This is an automated email from the ASF dual-hosted git repository.
alamb pushed a commit to branch main
in repository https://gitbox.apache.org/repos/asf/arrow-rs.git
The following commit(s) were added to refs/heads/main by this push:
new c884f1d093 feat(arrow-array): add
GenericByteViewArray::total_bytes_len (#9641)

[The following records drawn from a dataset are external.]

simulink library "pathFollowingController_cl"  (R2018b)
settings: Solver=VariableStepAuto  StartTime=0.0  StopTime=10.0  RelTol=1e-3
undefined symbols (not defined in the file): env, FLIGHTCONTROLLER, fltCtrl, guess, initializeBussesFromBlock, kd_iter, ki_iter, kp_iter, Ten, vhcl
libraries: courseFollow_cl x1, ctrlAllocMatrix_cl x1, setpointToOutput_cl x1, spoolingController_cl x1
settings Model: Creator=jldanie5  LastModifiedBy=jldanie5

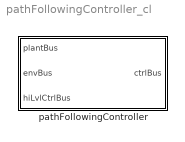
== system pathFollowingController_cl ==
  pathFollowingController : Subsystem  LoadFcn=initializeBussesFromBlock(gcb)  InitFcn=initializeBussesFromBlock(gcb)  StartFcn=initializeBussesFromBlock(gcb)  VariantControl=strcmpi(FLIGHTCONTROLLER,'pathFollowingController')  mask{initPosForInitSStar=vhcl.initPosVecGnd.Value, fluidDensity=env.water.density.Value, pathCtrl=fltCtrl, aeroStruct=vhcl.struct('OCT.aeroSurf')}
      mask prompts: initPosForInitSStar "Initial Position"; fluidDensity "Fluid Density"; pathCtrl "Controller"; aeroStruct "Aerodynamic Structure"
      mask DialogControl Container3 Prompt: courseFollow Params
      mask DialogControl Container4 Prompt: setpointToOutput Params

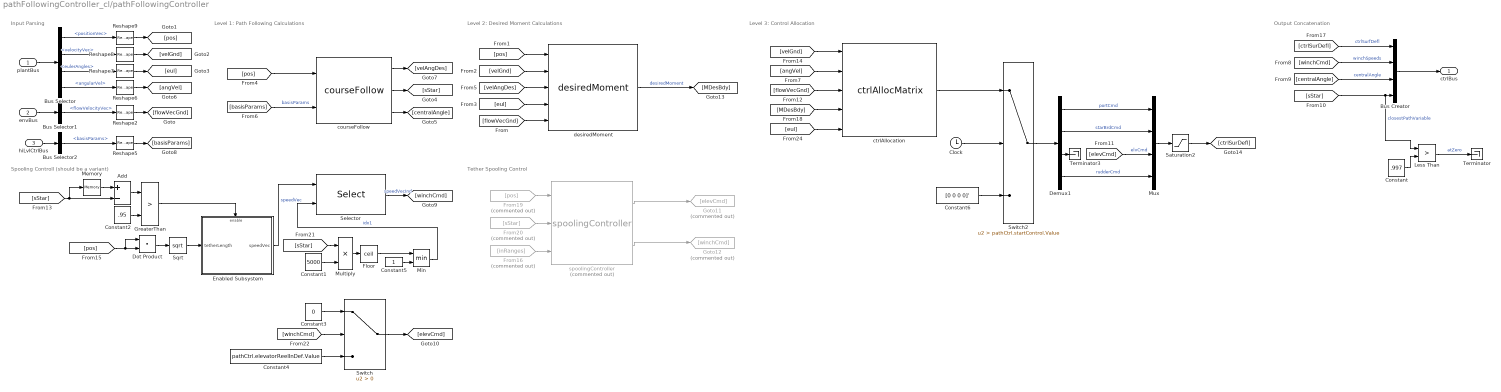
== system pathFollowingController_cl/pathFollowingController ==
  note: Level 3: Control Allocation
  note: Output Concatenation
  note: Tether Spooling Control
  note: Level 2: Desired Moment Calculations
  note: Level 1: Path Following Calculations
  note: Input Parsing
  note: Spooling Controll (should be a variant)
  plantBus : Inport  OutDataTypeStr=Bus: plantBus
  envBus : Inport  Port=2  OutDataTypeStr=Bus: envBus
  hiLvlCtrlBus : Inport  Port=3  OutDataTypeStr=Bus: hiLvlCtrlBus
  Add : Sum  Inputs=+-
  Bus Creator : BusCreator  Inputs=4  OutDataTypeStr=Bus: fltCtrlBus
      settings: InheritFromInputs=off
  Bus Selector : BusSelector  OutputSignals=positionVec,velocityVec,eulerAngles,angularVel
  Bus Selector1 : BusSelector  OutputSignals=flowVelocityVec
  Bus Selector2 : BusSelector  OutputSignals=basisParams
  Clock : Clock
  Constant : Constant  Value=.997
  Constant1 : Constant  Value=5000
  Constant2 : Constant  Value=.95
  Constant3 : Constant  Value=0
  Constant4 : Constant  Value=pathCtrl.elevatorReelInDef.Value
  Constant5 : Constant
  Constant6 : Constant  Value=[0 0 0 0]'
  Demux1 : Demux
  Dot Product : DotProduct  InputSameDT=on  OutDataTypeStr=Inherit: Inherit via internal rule
  Enabled Subsystem : Subsystem  TreatAsAtomicUnit=on
  Floor : Rounding  Operator=ceil
  From16 : From  Commented=on  GotoTag=inRanges
  From19 : From  Commented=on  GotoTag=pos
  From20 : From  Commented=on  GotoTag=sStar
  Goto11 : Goto  Commented=on  GotoTag=elevCmd
  Goto12 : Goto  Commented=on  GotoTag=winchCmd
  GreaterThan : RelationalOperator  Operator=>  OutDataTypeStr=boolean  RndMeth=Simplest
  Less Than : RelationalOperator  Operator=>  OutDataTypeStr=boolean  RndMeth=Simplest
  Memory : Memory  InitialCondition=pathCtrl.initPathVar.Value
  Min : MinMax  Inputs=2
  Multiply : Product
  Mux : Mux
  Reshape{2,5..9} (6 alike) : Reshape  OutputDimensionality=Column vector (2-D)
  Saturation2 : Saturate  UpperLimit=pathCtrl.controlSigMax.upperLimit.Value  LowerLimit=pathCtrl.controlSigMax.lowerLimit.Value
  Selector : Selector  InputPortWidth=5000  IndexOptions=Index vector (port)  Indices=[1 3]  OutputSizes=1
  Sqrt : Sqrt  SaturateOnIntegerOverflow=on
  Switch : Switch  Criteria=u2 > Threshold
  Switch2 : Switch  Criteria=u2 > Threshold  Threshold=pathCtrl.startControl.Value
  Terminator : Terminator
  Terminator3 : Terminator
  courseFollow : courseFollow_cl/courseFollow  SystemSampleTime=-1
  ctrlAllocation : ctrlAllocMatrix_cl/ctrlAllocMatrix  aeroStruct=aeroStruct  fluidDensity=fluidDensity  ctrlUpMax=pathCtrl.controlSigMax.upperLimit.Value  ctrlDnMax=pathCtrl.controlSigMax.lowerLimit.Value
  desiredMoment : setpointToOutput_cl/desiredMoment  SystemSampleTime=-1
  spoolingController : spoolingController_cl/spoolingController  Commented=on  SystemSampleTime=-1
  ctrlBus : Outport  OutDataTypeStr=Bus: fltCtrlBus
  wires:
  courseFollow/1 -> [velAngDes]
  plantBus/1 -> Bus Selector/1
  Bus Selector/2 -> Reshape8/1  "<velocityVec>"
  Bus Selector/1 -> Reshape9/1  "<positionVec>"
  Bus Selector/3 -> Reshape7/1  "<eulerAngles>"
  [pos] -> desiredMoment/1
  [velGnd] -> desiredMoment/2
  [eul] -> desiredMoment/4
  [pos] -> courseFollow/1
  Bus Creator/1 -> ctrlBus/1
  envBus/1 -> Bus Selector1/1
  Bus Selector1/1 -> Reshape2/1  "<flowVelocityVec>"
  [flowVecGnd] -> desiredMoment/5
  [winchCmd] -> Bus Creator/2  "winchSpeeds"
  courseFollow/2 -> [sStar]
  hiLvlCtrlBus/1 -> Bus Selector2/1
  [centralAngle] -> Bus Creator/3  "centralAngle"
  [sStar] -> Less Than/1, Bus Creator/4  "closestPathVariable"
  courseFollow/3 -> [centralAngle]
  desiredMoment/1 -> [MDesBdy]  "desiredMoment"
  Bus Selector/4 -> Reshape6/1  "<angularVel>"
  [angVel] -> ctrlAllocation/2
  [velGnd] -> ctrlAllocation/1
  [flowVecGnd] -> ctrlAllocation/3
  [elevCmd] -> Mux/3  "elvCmd"
  Mux/1 -> Saturation2/1
  Demux1/3 -> Terminator3/1
  Demux1/4 -> Mux/4  "rudderCmd"
  Demux1/1 -> Mux/1  "portCmd"
  Demux1/2 -> Mux/2  "starBrdCmd"
  [basisParams] -> courseFollow/2  "basisParams"
  Clock/1 -> Switch2/2
  Switch2/1 -> Demux1/1
  Constant6/1 -> Switch2/3
  spoolingController/1 -> Goto11/1
  spoolingController/2 -> Goto12/1
  From19/1 -> spoolingController/1
  From20/1 -> spoolingController/2
  [MDesBdy] -> ctrlAllocation/4
  ctrlAllocation/1 -> Switch2/1
  [ctrlSurDefl] -> Bus Creator/1  "ctrlSurfDefl"
  [velAngDes] -> desiredMoment/3
  Bus Selector2/1 -> Reshape5/1  "<basisParams>"
  Reshape5/1 -> [basisParams]
  Saturation2/1 -> [ctrlSurDefl]
  Reshape2/1 -> [flowVecGnd]
  Reshape6/1 -> [angVel]
  Reshape7/1 -> [eul]
  Reshape8/1 -> [velGnd]
  Reshape9/1 -> [pos]
  [eul] -> ctrlAllocation/5
  [sStar] -> Add/2, Memory/1
  Memory/1 -> Add/1
  Add/1 -> GreaterThan/1
  Constant2/1 -> GreaterThan/2
  GreaterThan/1 -> Enabled Subsystem/Enable
  [pos] -> Dot Product/1, Dot Product/2
  Dot Product/1 -> Sqrt/1
  Sqrt/1 -> Enabled Subsystem/1(tetherLength)
  From16/1 -> spoolingController/3
  Constant/1 -> Less Than/2
  Less Than/1 -> Terminator/1  "atZero"
  Selector/1 -> [winchCmd]  "speedVecInd"
  [sStar] -> Multiply/1
  Constant1/1 -> Multiply/2
  Multiply/1 -> Floor/1
  Enabled Subsystem/1(speedVec) -> Selector/1  "speedVec"
  [winchCmd] -> Switch/2
  Constant3/1 -> Switch/1
  Constant4/1 -> Switch/3
  Switch/1 -> [elevCmd]
  Floor/1 -> Min/1
  Constant5/1 -> Min/2
  Min/1 -> Selector/2  "idx1"

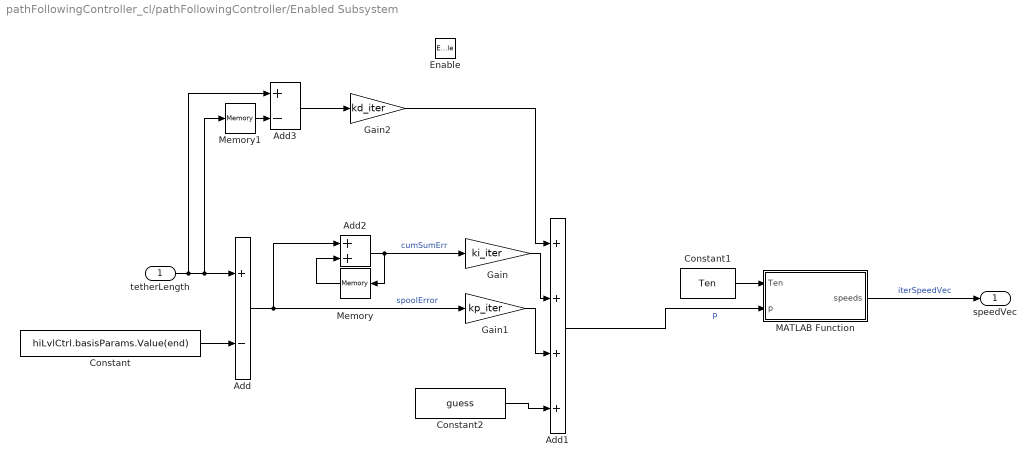
== system pathFollowingController_cl/pathFollowingController/Enabled Subsystem ==
  tetherLength : Inport
  Enable : EnablePort
  Add : Sum  Inputs=+-
  Add1 : Sum  Inputs=++++
  Add2 : Sum
  Add3 : Sum  Inputs=+-
  Constant : Constant  Value=hiLvlCtrl.basisParams.Value(end)
  Constant1 : Constant  Value=Ten
  Constant2 : Constant  Value=guess
  Gain : Gain  Gain=ki_iter
  Gain1 : Gain  Gain=kp_iter
  Gain2 : Gain  Gain=kd_iter
  MATLAB Function : MATLAB Function  TreatAsAtomicUnit=on
  Memory : Memory
  Memory1 : Memory
  speedVec : Outport
  wires:
  Add/1 -> Add2/1, Gain1/1  "spoolError"
  Add2/1 -> Memory/1, Gain/1  "cumSumErr"
  Gain/1 -> Add1/2
  Gain1/1 -> Add1/3
  MATLAB Function/1(speeds) -> speedVec/1  "iterSpeedVec"
  Add1/1 -> MATLAB Function/2(p)  "p"
  Constant1/1 -> MATLAB Function/1(Ten)
  Memory/1 -> Add2/2
  Constant2/1 -> Add1/4
  tetherLength/1 -> Add3/1, Memory1/1, Add/1
  Constant/1 -> Add/2
  Memory1/1 -> Add3/2
  Add3/1 -> Gain2/1
  Gain2/1 -> Add1/1

== matlab function pathFollowingController_cl/pathFollowingController/Enabled Subsystem/MATLAB Function ==
  data: Ten input; speeds output; p input
function speeds = fcn(Ten, p)
xopts=linspace(-.4,.4,1000);
speeds = zeros(1000,1);
for ii = 1:1000
    hamil = @(x) (p-Ten(ii,xopts==x)).*x;
    [~,bestind]=min(hamil(xopts));
    speeds(ii)=xopts(bestind);
end

c884f1d093 is described below
commit c884f1d093276f91c72d957c70df3535c2467ea4
Author: Harrison Crosse <[email protected]>
AuthorDate: Mon Apr 6 15:34:09 2026 -0400
feat(arrow-array): add GenericByteViewArray::total_bytes_len (#9641)
# Which issue does this PR close?
- Closes #9435
# Rationale for this change
`total_buffer_bytes_used()` only counts non-inlined strings (> 12
bytes), so it returns 0 for arrays of short strings. This makes it
unsuitable as a capacity hint when pre-allocating output buffers (e.g.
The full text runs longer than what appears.